Single variable calculus.
$x+y=1 \implies? \sqrt{x^2+1}+\sqrt{y^2+1} \ge \sqrt{5}$
$y=1-x$.
$\sqrt{x^2+1}+\sqrt{(1-x)^2+1}=\sqrt{x^2+1}+\sqrt{x^2-2x+2}$
$\frac{x}{\sqrt{x^2+1}}+\frac{x-1}{\sqrt{x^2-2x+2}}=0$
$x\sqrt{x^2-2x+2}=-(x-1)\sqrt{x^2+1}$
$x^2(x^2-2x+2)=x^4-2x^3+2x^2=(x^2+1)(x^2-2x+1)=x^4-2x^3+x^2+x^2-2x+1$
$\implies x=1/2, y=1/2$
Lagrange Multipliers.
$g(x,y)=x+y-1=0$
$f(x,y)=\sqrt{x^2+1}+\sqrt{y^2+1}$
$\frac{2x}{\sqrt{x^2+1}}=\lambda$
$\frac{2y}{\sqrt{y^2+1}}= \lambda$
$\frac{x}{\sqrt{x^2+1}}=\frac{y}{\sqrt{1+y^2}}$
$\frac{x^2}{x^2+1}=\frac{y^2}{1+y^2}$
$x^2+x^2y^2=y^2x^2+y^2\implies x^2=y^2\implies x=y=1/2$
So the minimum is $\sqrt{5}$.
This method can be generalized. If your constraint function and objective function are symmetric under exchange of theire variables, i.e. $f(x,y)=f(y,x), g(x,y)=g(y,x)$, extreme values typically obtain when $x=y$.
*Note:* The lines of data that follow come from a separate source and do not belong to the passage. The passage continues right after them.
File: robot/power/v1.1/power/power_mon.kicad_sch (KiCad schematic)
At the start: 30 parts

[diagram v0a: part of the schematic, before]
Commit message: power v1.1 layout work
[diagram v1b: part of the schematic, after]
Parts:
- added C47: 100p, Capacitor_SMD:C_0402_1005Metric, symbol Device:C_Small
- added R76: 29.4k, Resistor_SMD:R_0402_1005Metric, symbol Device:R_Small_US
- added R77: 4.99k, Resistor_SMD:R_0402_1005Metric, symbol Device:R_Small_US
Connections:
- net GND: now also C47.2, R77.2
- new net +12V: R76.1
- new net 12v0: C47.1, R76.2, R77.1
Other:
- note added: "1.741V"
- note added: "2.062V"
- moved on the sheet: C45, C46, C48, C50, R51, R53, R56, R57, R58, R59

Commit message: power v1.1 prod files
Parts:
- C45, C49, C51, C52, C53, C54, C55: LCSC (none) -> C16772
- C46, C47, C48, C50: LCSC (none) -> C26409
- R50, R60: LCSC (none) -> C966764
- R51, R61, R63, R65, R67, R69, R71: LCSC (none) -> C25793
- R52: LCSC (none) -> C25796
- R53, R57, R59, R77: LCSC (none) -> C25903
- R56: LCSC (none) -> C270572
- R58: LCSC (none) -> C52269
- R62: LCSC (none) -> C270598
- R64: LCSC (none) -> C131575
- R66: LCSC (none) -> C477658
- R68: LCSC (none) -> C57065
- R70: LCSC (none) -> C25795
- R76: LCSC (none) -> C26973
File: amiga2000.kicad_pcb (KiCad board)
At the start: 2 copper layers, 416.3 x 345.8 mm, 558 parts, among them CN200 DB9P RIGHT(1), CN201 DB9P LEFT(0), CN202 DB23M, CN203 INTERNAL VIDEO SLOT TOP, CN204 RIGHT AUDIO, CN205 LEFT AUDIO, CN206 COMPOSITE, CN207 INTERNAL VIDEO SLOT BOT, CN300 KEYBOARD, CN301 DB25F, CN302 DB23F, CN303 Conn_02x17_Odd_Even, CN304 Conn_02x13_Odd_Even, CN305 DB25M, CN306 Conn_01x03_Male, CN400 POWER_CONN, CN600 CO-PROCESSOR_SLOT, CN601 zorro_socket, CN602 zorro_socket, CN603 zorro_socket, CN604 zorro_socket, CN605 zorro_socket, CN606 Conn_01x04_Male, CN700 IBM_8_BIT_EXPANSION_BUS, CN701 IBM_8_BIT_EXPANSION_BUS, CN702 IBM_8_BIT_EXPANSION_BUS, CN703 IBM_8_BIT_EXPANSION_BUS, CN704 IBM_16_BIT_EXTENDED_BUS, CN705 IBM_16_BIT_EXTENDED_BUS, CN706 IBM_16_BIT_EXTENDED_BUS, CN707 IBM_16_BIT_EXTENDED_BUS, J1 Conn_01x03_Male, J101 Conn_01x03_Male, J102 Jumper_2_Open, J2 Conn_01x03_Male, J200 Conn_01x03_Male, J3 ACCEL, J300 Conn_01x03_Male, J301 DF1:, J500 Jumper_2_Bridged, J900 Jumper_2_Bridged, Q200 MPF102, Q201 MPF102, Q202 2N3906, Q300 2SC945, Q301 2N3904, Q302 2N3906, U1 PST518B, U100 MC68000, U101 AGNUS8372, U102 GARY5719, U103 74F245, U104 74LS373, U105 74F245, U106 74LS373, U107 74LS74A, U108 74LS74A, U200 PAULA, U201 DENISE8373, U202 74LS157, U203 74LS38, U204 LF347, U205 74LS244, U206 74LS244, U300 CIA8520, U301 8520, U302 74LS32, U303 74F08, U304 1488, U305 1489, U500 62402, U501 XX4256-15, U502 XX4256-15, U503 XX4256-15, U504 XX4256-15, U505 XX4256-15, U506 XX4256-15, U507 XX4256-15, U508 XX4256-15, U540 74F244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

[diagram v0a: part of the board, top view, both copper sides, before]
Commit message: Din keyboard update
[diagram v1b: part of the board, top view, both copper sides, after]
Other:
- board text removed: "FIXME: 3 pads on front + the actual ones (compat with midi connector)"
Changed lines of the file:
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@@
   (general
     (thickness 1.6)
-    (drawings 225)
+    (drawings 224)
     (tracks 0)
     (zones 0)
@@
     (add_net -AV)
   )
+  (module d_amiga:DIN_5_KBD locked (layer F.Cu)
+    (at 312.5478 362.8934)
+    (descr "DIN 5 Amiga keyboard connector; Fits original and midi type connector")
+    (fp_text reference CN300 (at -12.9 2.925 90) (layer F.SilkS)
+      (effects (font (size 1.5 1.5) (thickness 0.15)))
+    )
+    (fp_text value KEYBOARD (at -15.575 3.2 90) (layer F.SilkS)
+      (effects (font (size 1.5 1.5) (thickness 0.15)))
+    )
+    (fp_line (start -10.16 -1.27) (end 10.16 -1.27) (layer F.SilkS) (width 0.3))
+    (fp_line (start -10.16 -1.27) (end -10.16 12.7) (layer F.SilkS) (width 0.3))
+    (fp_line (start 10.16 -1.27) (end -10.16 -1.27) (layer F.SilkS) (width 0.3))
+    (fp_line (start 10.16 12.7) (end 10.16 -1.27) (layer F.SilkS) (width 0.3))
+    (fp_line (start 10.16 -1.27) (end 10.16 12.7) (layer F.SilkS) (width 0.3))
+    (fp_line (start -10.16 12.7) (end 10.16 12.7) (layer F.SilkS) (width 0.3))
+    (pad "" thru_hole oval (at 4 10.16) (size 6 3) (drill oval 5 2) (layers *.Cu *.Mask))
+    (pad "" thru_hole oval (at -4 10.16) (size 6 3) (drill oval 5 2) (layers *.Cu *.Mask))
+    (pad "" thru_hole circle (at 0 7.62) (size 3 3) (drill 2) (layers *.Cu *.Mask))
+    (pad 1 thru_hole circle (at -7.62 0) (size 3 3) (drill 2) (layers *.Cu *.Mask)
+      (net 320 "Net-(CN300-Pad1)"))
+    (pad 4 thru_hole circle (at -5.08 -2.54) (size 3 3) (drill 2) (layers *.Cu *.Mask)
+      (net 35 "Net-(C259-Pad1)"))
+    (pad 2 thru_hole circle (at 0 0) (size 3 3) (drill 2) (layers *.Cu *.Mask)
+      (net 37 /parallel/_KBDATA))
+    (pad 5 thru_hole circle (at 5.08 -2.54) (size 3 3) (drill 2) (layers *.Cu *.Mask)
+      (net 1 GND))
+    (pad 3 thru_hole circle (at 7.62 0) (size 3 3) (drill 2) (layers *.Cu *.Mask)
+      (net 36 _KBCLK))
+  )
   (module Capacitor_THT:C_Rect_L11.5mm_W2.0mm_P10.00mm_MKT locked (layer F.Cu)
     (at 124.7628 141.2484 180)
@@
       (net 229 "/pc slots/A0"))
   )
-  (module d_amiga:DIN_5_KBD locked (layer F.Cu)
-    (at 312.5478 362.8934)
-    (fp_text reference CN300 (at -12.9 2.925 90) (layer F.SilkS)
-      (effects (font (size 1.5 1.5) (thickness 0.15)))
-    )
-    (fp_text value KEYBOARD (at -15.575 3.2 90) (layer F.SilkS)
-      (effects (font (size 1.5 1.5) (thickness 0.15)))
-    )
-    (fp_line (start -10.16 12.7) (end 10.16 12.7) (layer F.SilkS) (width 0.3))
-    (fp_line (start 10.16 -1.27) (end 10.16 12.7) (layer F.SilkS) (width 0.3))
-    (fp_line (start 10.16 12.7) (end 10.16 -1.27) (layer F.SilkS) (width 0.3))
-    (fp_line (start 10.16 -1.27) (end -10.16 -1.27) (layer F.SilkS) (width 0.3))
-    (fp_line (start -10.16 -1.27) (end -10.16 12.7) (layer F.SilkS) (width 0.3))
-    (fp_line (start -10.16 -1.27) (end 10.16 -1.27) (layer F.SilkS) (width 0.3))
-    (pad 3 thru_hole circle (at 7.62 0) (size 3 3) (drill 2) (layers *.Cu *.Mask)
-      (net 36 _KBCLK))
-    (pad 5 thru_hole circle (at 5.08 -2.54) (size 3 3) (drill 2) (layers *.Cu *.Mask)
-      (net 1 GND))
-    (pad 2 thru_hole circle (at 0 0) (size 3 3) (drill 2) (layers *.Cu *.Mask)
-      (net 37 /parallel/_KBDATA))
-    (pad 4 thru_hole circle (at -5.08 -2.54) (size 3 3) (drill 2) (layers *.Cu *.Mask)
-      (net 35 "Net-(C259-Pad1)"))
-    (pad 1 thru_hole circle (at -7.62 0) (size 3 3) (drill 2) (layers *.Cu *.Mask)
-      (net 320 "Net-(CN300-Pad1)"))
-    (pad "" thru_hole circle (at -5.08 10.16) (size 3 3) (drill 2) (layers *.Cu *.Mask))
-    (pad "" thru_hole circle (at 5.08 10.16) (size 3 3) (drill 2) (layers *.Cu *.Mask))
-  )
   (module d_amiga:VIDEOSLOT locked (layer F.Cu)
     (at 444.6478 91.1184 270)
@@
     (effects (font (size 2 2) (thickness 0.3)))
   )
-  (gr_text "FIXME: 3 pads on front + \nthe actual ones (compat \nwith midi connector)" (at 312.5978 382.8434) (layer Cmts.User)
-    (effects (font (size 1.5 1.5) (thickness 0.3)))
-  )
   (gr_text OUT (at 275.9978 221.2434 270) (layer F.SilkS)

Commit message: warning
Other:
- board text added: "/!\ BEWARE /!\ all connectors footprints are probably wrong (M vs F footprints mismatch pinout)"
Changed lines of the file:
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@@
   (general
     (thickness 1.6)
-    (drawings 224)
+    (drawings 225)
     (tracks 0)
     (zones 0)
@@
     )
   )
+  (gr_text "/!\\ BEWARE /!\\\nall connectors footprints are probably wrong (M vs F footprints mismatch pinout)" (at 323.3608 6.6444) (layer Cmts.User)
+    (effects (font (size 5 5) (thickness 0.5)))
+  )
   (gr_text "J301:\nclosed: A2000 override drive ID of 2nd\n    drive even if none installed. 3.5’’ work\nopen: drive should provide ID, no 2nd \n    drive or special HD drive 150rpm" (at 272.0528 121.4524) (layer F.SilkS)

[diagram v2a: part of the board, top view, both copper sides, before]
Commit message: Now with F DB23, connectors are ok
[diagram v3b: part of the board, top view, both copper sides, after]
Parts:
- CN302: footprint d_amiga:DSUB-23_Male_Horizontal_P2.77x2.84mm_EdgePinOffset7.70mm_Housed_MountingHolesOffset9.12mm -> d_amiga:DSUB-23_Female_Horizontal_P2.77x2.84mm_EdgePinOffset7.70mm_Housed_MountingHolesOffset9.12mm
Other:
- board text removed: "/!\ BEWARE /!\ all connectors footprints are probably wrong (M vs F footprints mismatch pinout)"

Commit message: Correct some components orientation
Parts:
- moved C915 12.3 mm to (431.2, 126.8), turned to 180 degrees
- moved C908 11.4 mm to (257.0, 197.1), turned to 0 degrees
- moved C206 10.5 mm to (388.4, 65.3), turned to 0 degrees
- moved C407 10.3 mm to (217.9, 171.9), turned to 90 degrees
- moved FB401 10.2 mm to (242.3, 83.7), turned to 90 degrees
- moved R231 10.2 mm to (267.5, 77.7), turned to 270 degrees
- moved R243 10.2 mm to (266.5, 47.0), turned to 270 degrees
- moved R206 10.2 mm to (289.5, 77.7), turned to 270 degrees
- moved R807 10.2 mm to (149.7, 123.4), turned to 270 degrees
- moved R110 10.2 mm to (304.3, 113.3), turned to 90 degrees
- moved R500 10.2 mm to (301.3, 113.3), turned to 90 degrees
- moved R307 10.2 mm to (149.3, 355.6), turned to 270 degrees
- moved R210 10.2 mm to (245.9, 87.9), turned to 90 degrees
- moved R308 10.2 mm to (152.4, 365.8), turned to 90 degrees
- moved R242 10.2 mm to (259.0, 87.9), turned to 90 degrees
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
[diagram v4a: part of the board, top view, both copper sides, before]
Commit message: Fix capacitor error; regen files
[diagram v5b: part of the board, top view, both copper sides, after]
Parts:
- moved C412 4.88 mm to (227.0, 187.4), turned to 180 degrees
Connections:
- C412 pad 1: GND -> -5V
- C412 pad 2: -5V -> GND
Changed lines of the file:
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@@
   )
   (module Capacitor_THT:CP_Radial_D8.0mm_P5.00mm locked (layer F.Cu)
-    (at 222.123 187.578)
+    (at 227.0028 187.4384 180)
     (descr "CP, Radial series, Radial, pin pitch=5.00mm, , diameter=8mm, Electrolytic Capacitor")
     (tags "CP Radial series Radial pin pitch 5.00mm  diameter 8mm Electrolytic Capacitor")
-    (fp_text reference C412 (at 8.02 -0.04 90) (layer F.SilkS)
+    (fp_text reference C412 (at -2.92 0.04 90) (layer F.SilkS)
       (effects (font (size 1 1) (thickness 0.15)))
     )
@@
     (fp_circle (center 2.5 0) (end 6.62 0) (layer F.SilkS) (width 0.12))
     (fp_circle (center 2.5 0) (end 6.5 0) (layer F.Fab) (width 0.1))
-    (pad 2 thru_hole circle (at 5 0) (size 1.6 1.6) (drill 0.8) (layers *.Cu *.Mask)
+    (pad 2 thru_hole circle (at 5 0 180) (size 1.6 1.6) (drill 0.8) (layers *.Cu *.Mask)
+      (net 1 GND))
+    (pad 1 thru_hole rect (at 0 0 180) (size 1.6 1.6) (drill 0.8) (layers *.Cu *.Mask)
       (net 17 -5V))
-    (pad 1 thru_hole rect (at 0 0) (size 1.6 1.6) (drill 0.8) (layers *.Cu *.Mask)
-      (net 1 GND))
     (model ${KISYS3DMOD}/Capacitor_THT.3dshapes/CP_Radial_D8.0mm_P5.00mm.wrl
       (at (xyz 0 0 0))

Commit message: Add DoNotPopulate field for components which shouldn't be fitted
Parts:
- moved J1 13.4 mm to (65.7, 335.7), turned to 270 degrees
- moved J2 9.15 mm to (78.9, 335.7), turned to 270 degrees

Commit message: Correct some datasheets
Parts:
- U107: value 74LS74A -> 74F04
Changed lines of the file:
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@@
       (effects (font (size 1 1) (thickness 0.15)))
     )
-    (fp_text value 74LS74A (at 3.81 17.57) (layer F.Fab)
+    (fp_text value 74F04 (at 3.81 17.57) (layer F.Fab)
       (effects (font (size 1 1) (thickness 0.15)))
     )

Rule of thumb suggests we start with $x=y=1/2$ given the symmetry of the problem. Then demonstrate deviations shift away from the extrema.
Suppose $x=(1/2)+p$ and $y=(1/2)+q$
Since $x+y=1$ we must have $q=-p$
$u=\sqrt{1+x^2}+\sqrt{1+y^2}=\sqrt{5/4+p^2+p}+\sqrt{5/4+p^2-p}$
$u^2=5/2+2p^2+2\sqrt{25/16+p^4+3p^2/2}$
From here its clear $p=0$ minimizes the expression.